Raw data Start Marker

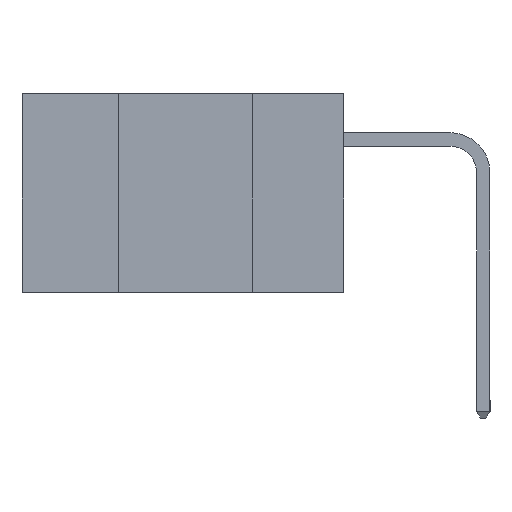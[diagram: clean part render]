
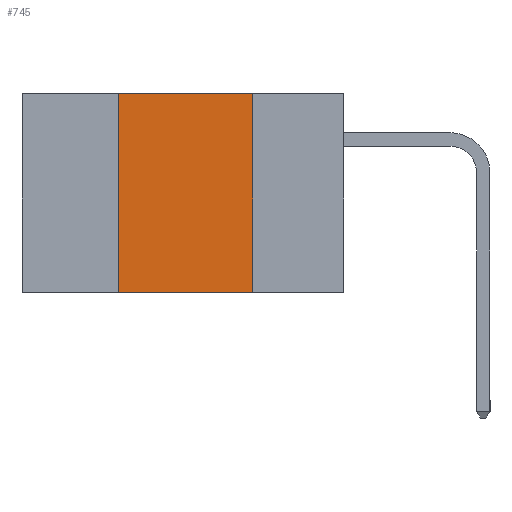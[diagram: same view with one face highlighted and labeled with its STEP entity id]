
A CAD part, left-side view. The second image highlights one B-rep face of the part: STEP entity #745.
In plain terms, the highlighted planar face has unit normal (-1, 0, 0).
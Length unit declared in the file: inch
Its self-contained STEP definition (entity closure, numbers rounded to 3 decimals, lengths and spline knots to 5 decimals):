
#376 = VERTEX_POINT ( 'NONE', #16584 ) ;
#745 = ADVANCED_FACE ( 'NONE', ( #5655 ), #9573, .F. ) ;
#842 = EDGE_CURVE ( 'NONE', #20902, #376, #19820, .T. ) ;
#1388 = AXIS2_PLACEMENT_3D ( 'NONE', #15188, #15394, #19536 ) ;
#1977 = DIRECTION ( 'NONE',  ( 0., 0., -1. ) ) ;
#2608 = VECTOR ( 'NONE', #22124, 39.37008 ) ;
#2698 = CARTESIAN_POINT ( 'NONE',  ( 0., 0.17, -0.37 ) ) ;
#2743 = EDGE_CURVE ( 'NONE', #23241, #20902, #4903, .T. ) ;
#3801 = CARTESIAN_POINT ( 'NONE',  ( 0., 0.42, 0. ) ) ;
#4834 = VERTEX_POINT ( 'NONE', #18920 ) ;
#4903 = LINE ( 'NONE', #11997, #12167 ) ;
#5655 = FACE_OUTER_BOUND ( 'NONE', #19334, .T. ) ;
#6145 = CARTESIAN_POINT ( 'NONE',  ( 0., 0.42, -0.37 ) ) ;
#8551 = VECTOR ( 'NONE', #1977, 39.37008 ) ;
#8689 = LINE ( 'NONE', #6145, #2608 ) ;
#9573 = PLANE ( 'NONE',  #1388 ) ;
#10705 = ORIENTED_EDGE ( 'NONE', *, *, #24478, .T. ) ;
#11755 = DIRECTION ( 'NONE',  ( 0., -1., 0. ) ) ;
#11997 = CARTESIAN_POINT ( 'NONE',  ( 0., 0.6, 0. ) ) ;
#12167 = VECTOR ( 'NONE', #11755, 39.37008 ) ;
#15188 = CARTESIAN_POINT ( 'NONE',  ( 0., 0.6, 0. ) ) ;
#15394 = DIRECTION ( 'NONE',  ( 1., 0., 0. ) ) ;
#15495 = CARTESIAN_POINT ( 'NONE',  ( 0., 0.17, 0. ) ) ;
#16584 = CARTESIAN_POINT ( 'NONE',  ( 0., 0.17, -0.37 ) ) ;
#18884 = ORIENTED_EDGE ( 'NONE', *, *, #2743, .F. ) ;
#18920 = CARTESIAN_POINT ( 'NONE',  ( 0., 0.42, -0.37 ) ) ;
#19064 = VECTOR ( 'NONE', #20108, 39.37008 ) ;
#19334 = EDGE_LOOP ( 'NONE', ( #21621, #18884, #25226, #10705 ) ) ;
#19536 = DIRECTION ( 'NONE',  ( 0., 0., -1. ) ) ;
#19820 = LINE ( 'NONE', #2698, #8551 ) ;
#20108 = DIRECTION ( 'NONE',  ( 0., -1., 0. ) ) ;
#20902 = VERTEX_POINT ( 'NONE', #15495 ) ;
#21621 = ORIENTED_EDGE ( 'NONE', *, *, #842, .F. ) ;
#22124 = DIRECTION ( 'NONE',  ( 0., 0., 1. ) ) ;
#22705 = EDGE_CURVE ( 'NONE', #4834, #23241, #8689, .T. ) ;
#23241 = VERTEX_POINT ( 'NONE', #3801 ) ;
#23883 = CARTESIAN_POINT ( 'NONE',  ( 0., 0.6, -0.37 ) ) ;
#24208 = LINE ( 'NONE', #23883, #19064 ) ;
#24478 = EDGE_CURVE ( 'NONE', #4834, #376, #24208, .T. ) ;
#25226 = ORIENTED_EDGE ( 'NONE', *, *, #22705, .F. ) ;
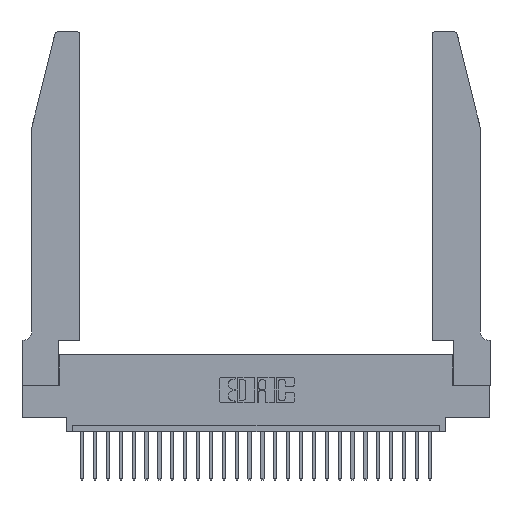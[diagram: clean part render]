
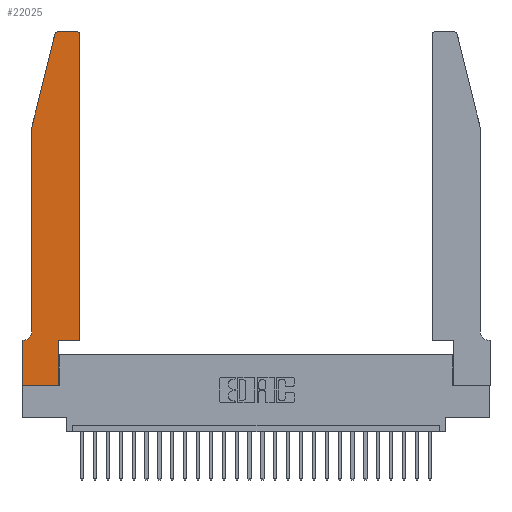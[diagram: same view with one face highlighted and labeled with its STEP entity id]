
A CAD part, top view. The second image highlights one B-rep face of the part: STEP entity #22025.
In plain terms, the highlighted planar face has unit normal (0, 0, 1).
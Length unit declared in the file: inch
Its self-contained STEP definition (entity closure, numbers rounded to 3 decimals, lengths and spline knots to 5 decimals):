
#58 = DIRECTION ( 'NONE',  ( 0., 1., 0. ) ) ;
#408 = VERTEX_POINT ( 'NONE', #3255 ) ;
#625 = CARTESIAN_POINT ( 'NONE',  ( 0., 0., 0.37 ) ) ;
#1186 = VERTEX_POINT ( 'NONE', #625 ) ;
#1361 = VECTOR ( 'NONE', #2100, 39.37008 ) ;
#1393 = DIRECTION ( 'NONE',  ( 1., 0., 0. ) ) ;
#1657 = CARTESIAN_POINT ( 'NONE',  ( 0., 0.35, 0.37 ) ) ;
#1673 = EDGE_CURVE ( 'NONE', #1186, #16587, #26271, .T. ) ;
#1975 = LINE ( 'NONE', #13214, #12052 ) ;
#1983 = LINE ( 'NONE', #19420, #14767 ) ;
#2100 = DIRECTION ( 'NONE',  ( 1., 0., 0. ) ) ;
#2249 = AXIS2_PLACEMENT_3D ( 'NONE', #17814, #21942, #19958 ) ;
#2413 = CARTESIAN_POINT ( 'NONE',  ( 0.4505, 2.72, 0.37 ) ) ;
#3250 = EDGE_CURVE ( 'NONE', #14170, #14457, #1975, .T. ) ;
#3255 = CARTESIAN_POINT ( 'NONE',  ( 0.284, 2.75, 0.37 ) ) ;
#3779 = EDGE_CURVE ( 'NONE', #408, #24039, #20072, .T. ) ;
#3830 = CARTESIAN_POINT ( 'NONE',  ( 0.4205, 2.72, 0.37 ) ) ;
#4247 = CARTESIAN_POINT ( 'NONE',  ( 0., 0., 0.37 ) ) ;
#4260 = CARTESIAN_POINT ( 'NONE',  ( 0.25487, 2.72718, 0.37 ) ) ;
#4311 = DIRECTION ( 'NONE',  ( 1., 0., 0. ) ) ;
#4615 = DIRECTION ( 'NONE',  ( -1., 0., 0. ) ) ;
#4662 = VECTOR ( 'NONE', #26287, 39.37008 ) ;
#5299 = EDGE_CURVE ( 'NONE', #24039, #26181, #15802, .T. ) ;
#5999 = DIRECTION ( 'NONE',  ( 0., 0., 1. ) ) ;
#6402 = CARTESIAN_POINT ( 'NONE',  ( 0.0755, 2., 0.37 ) ) ;
#6923 = ORIENTED_EDGE ( 'NONE', *, *, #18418, .T. ) ;
#7441 = LINE ( 'NONE', #23842, #25587 ) ;
#8072 = CARTESIAN_POINT ( 'NONE',  ( 0.4505, 0.35, 0.37 ) ) ;
#8370 = CARTESIAN_POINT ( 'NONE',  ( 0.4505, 0.35, 0.37 ) ) ;
#8651 = DIRECTION ( 'NONE',  ( -0.239, -0.971, 0. ) ) ;
#8736 = AXIS2_PLACEMENT_3D ( 'NONE', #3830, #5999, #22859 ) ;
#9207 = ORIENTED_EDGE ( 'NONE', *, *, #16102, .T. ) ;
#9268 = VERTEX_POINT ( 'NONE', #15526 ) ;
#9404 = CARTESIAN_POINT ( 'NONE',  ( 0.0755, 2., 0.37 ) ) ;
#10117 = CARTESIAN_POINT ( 'NONE',  ( 0.2865, 0.35, 0.37 ) ) ;
#10365 = ORIENTED_EDGE ( 'NONE', *, *, #26682, .T. ) ;
#10427 = EDGE_CURVE ( 'NONE', #23284, #1186, #18836, .T. ) ;
#10964 = VERTEX_POINT ( 'NONE', #10117 ) ;
#11246 = CARTESIAN_POINT ( 'NONE',  ( 0.2605, 2.75, 0.37 ) ) ;
#11903 = ORIENTED_EDGE ( 'NONE', *, *, #18334, .T. ) ;
#12052 = VECTOR ( 'NONE', #17534, 39.37008 ) ;
#12694 = AXIS2_PLACEMENT_3D ( 'NONE', #17190, #21674, #4311 ) ;
#13067 = CARTESIAN_POINT ( 'NONE',  ( 0.0755, 0.35, 0.37 ) ) ;
#13153 = VECTOR ( 'NONE', #20925, 39.37008 ) ;
#13214 = CARTESIAN_POINT ( 'NONE',  ( 0.4505, 0.35, 0.37 ) ) ;
#14170 = VERTEX_POINT ( 'NONE', #8370 ) ;
#14457 = VERTEX_POINT ( 'NONE', #2413 ) ;
#14767 = VECTOR ( 'NONE', #20998, 39.37008 ) ;
#14829 = LINE ( 'NONE', #13067, #25581 ) ;
#15107 = VECTOR ( 'NONE', #8651, 39.37008 ) ;
#15134 = CARTESIAN_POINT ( 'NONE',  ( 0., 0., 0.37 ) ) ;
#15402 = CARTESIAN_POINT ( 'NONE',  ( 0.2865, 0., 0.37 ) ) ;
#15526 = CARTESIAN_POINT ( 'NONE',  ( 0.4205, 2.75, 0.37 ) ) ;
#15571 = ORIENTED_EDGE ( 'NONE', *, *, #22965, .T. ) ;
#15802 = LINE ( 'NONE', #6402, #15107 ) ;
#16056 = EDGE_CURVE ( 'NONE', #10964, #14170, #25184, .T. ) ;
#16102 = EDGE_CURVE ( 'NONE', #14457, #9268, #24518, .T. ) ;
#16587 = VERTEX_POINT ( 'NONE', #15402 ) ;
#16956 = ORIENTED_EDGE ( 'NONE', *, *, #3779, .T. ) ;
#17190 = CARTESIAN_POINT ( 'NONE',  ( 0.284, 2.72, 0.37 ) ) ;
#17534 = DIRECTION ( 'NONE',  ( 0., 1., 0. ) ) ;
#17814 = CARTESIAN_POINT ( 'NONE',  ( 0., 0.35, 0.37 ) ) ;
#18334 = EDGE_CURVE ( 'NONE', #26181, #23418, #1983, .T. ) ;
#18418 = EDGE_CURVE ( 'NONE', #9268, #408, #18763, .T. ) ;
#18738 = CIRCLE ( 'NONE', #22841, 0.07 ) ;
#18763 = LINE ( 'NONE', #11246, #4662 ) ;
#18836 = LINE ( 'NONE', #15134, #13153 ) ;
#18927 = ORIENTED_EDGE ( 'NONE', *, *, #16056, .T. ) ;
#19420 = CARTESIAN_POINT ( 'NONE',  ( 0.0755, 2., 0.37 ) ) ;
#19453 = VECTOR ( 'NONE', #1393, 39.37008 ) ;
#19704 = CARTESIAN_POINT ( 'NONE',  ( 0.0055, 0.42, 0.37 ) ) ;
#19958 = DIRECTION ( 'NONE',  ( 1., 0., 0. ) ) ;
#20072 = CIRCLE ( 'NONE', #12694, 0.03 ) ;
#20925 = DIRECTION ( 'NONE',  ( 0., -1., 0. ) ) ;
#20998 = DIRECTION ( 'NONE',  ( 0., -1., 0. ) ) ;
#21294 = CARTESIAN_POINT ( 'NONE',  ( 0.0755, 0.42, 0.37 ) ) ;
#21674 = DIRECTION ( 'NONE',  ( 0., 0., 1. ) ) ;
#21942 = DIRECTION ( 'NONE',  ( 0., 0., 1. ) ) ;
#22025 = ADVANCED_FACE ( 'NONE', ( #23988 ), #26556, .T. ) ;
#22841 = AXIS2_PLACEMENT_3D ( 'NONE', #19704, #24136, #24049 ) ;
#22859 = DIRECTION ( 'NONE',  ( 1., 0., 0. ) ) ;
#22965 = EDGE_CURVE ( 'NONE', #23744, #23284, #14829, .T. ) ;
#23284 = VERTEX_POINT ( 'NONE', #1657 ) ;
#23418 = VERTEX_POINT ( 'NONE', #21294 ) ;
#23505 = EDGE_CURVE ( 'NONE', #16587, #10964, #7441, .T. ) ;
#23744 = VERTEX_POINT ( 'NONE', #26079 ) ;
#23842 = CARTESIAN_POINT ( 'NONE',  ( 0.2865, 0.35, 0.37 ) ) ;
#23988 = FACE_OUTER_BOUND ( 'NONE', #25476, .T. ) ;
#24039 = VERTEX_POINT ( 'NONE', #4260 ) ;
#24049 = DIRECTION ( 'NONE',  ( -1., 0., 0. ) ) ;
#24136 = DIRECTION ( 'NONE',  ( 0., 0., -1. ) ) ;
#24510 = ORIENTED_EDGE ( 'NONE', *, *, #23505, .T. ) ;
#24518 = CIRCLE ( 'NONE', #8736, 0.03 ) ;
#24551 = ORIENTED_EDGE ( 'NONE', *, *, #5299, .T. ) ;
#25142 = ORIENTED_EDGE ( 'NONE', *, *, #10427, .T. ) ;
#25184 = LINE ( 'NONE', #8072, #19453 ) ;
#25476 = EDGE_LOOP ( 'NONE', ( #6923, #16956, #24551, #11903, #10365, #15571, #25142, #27578, #24510, #18927, #26844, #9207 ) ) ;
#25581 = VECTOR ( 'NONE', #4615, 39.37008 ) ;
#25587 = VECTOR ( 'NONE', #58, 39.37008 ) ;
#26079 = CARTESIAN_POINT ( 'NONE',  ( 0.0055, 0.35, 0.37 ) ) ;
#26181 = VERTEX_POINT ( 'NONE', #9404 ) ;
#26271 = LINE ( 'NONE', #4247, #1361 ) ;
#26287 = DIRECTION ( 'NONE',  ( -1., 0., 0. ) ) ;
#26556 = PLANE ( 'NONE',  #2249 ) ;
#26682 = EDGE_CURVE ( 'NONE', #23418, #23744, #18738, .T. ) ;
#26844 = ORIENTED_EDGE ( 'NONE', *, *, #3250, .T. ) ;
#27578 = ORIENTED_EDGE ( 'NONE', *, *, #1673, .T. ) ;

Raw data End Marker

*What to do*.
Give again, word for word, the lines above from the first one through the one containing "#2698 = CARTESIAN_POINT"; no pictures.

*Answer space*.
[diagram: clean part render]
[diagram: same view with one face highlighted and labeled with its STEP entity id]
A CAD part, left-side view. The second image highlights one B-rep face of the part: STEP entity #745.
In plain terms, the highlighted planar face has unit normal (-1, 0, 0).
Length unit declared in the file: inch
Its self-contained STEP definition (entity closure, numbers rounded to 3 decimals, lengths and spline knots to 5 decimals):
#376 = VERTEX_POINT ( 'NONE', #16584 ) ;
#745 = ADVANCED_FACE ( 'NONE', ( #5655 ), #9573, .F. ) ;
#842 = EDGE_CURVE ( 'NONE', #20902, #376, #19820, .T. ) ;
#1388 = AXIS2_PLACEMENT_3D ( 'NONE', #15188, #15394, #19536 ) ;
#1977 = DIRECTION ( 'NONE',  ( 0., 0., -1. ) ) ;
#2608 = VECTOR ( 'NONE', #22124, 39.37008 ) ;
#2698 = CARTESIAN_POINT ( 'NONE',  ( 0., 0.17, -0.37 ) ) ;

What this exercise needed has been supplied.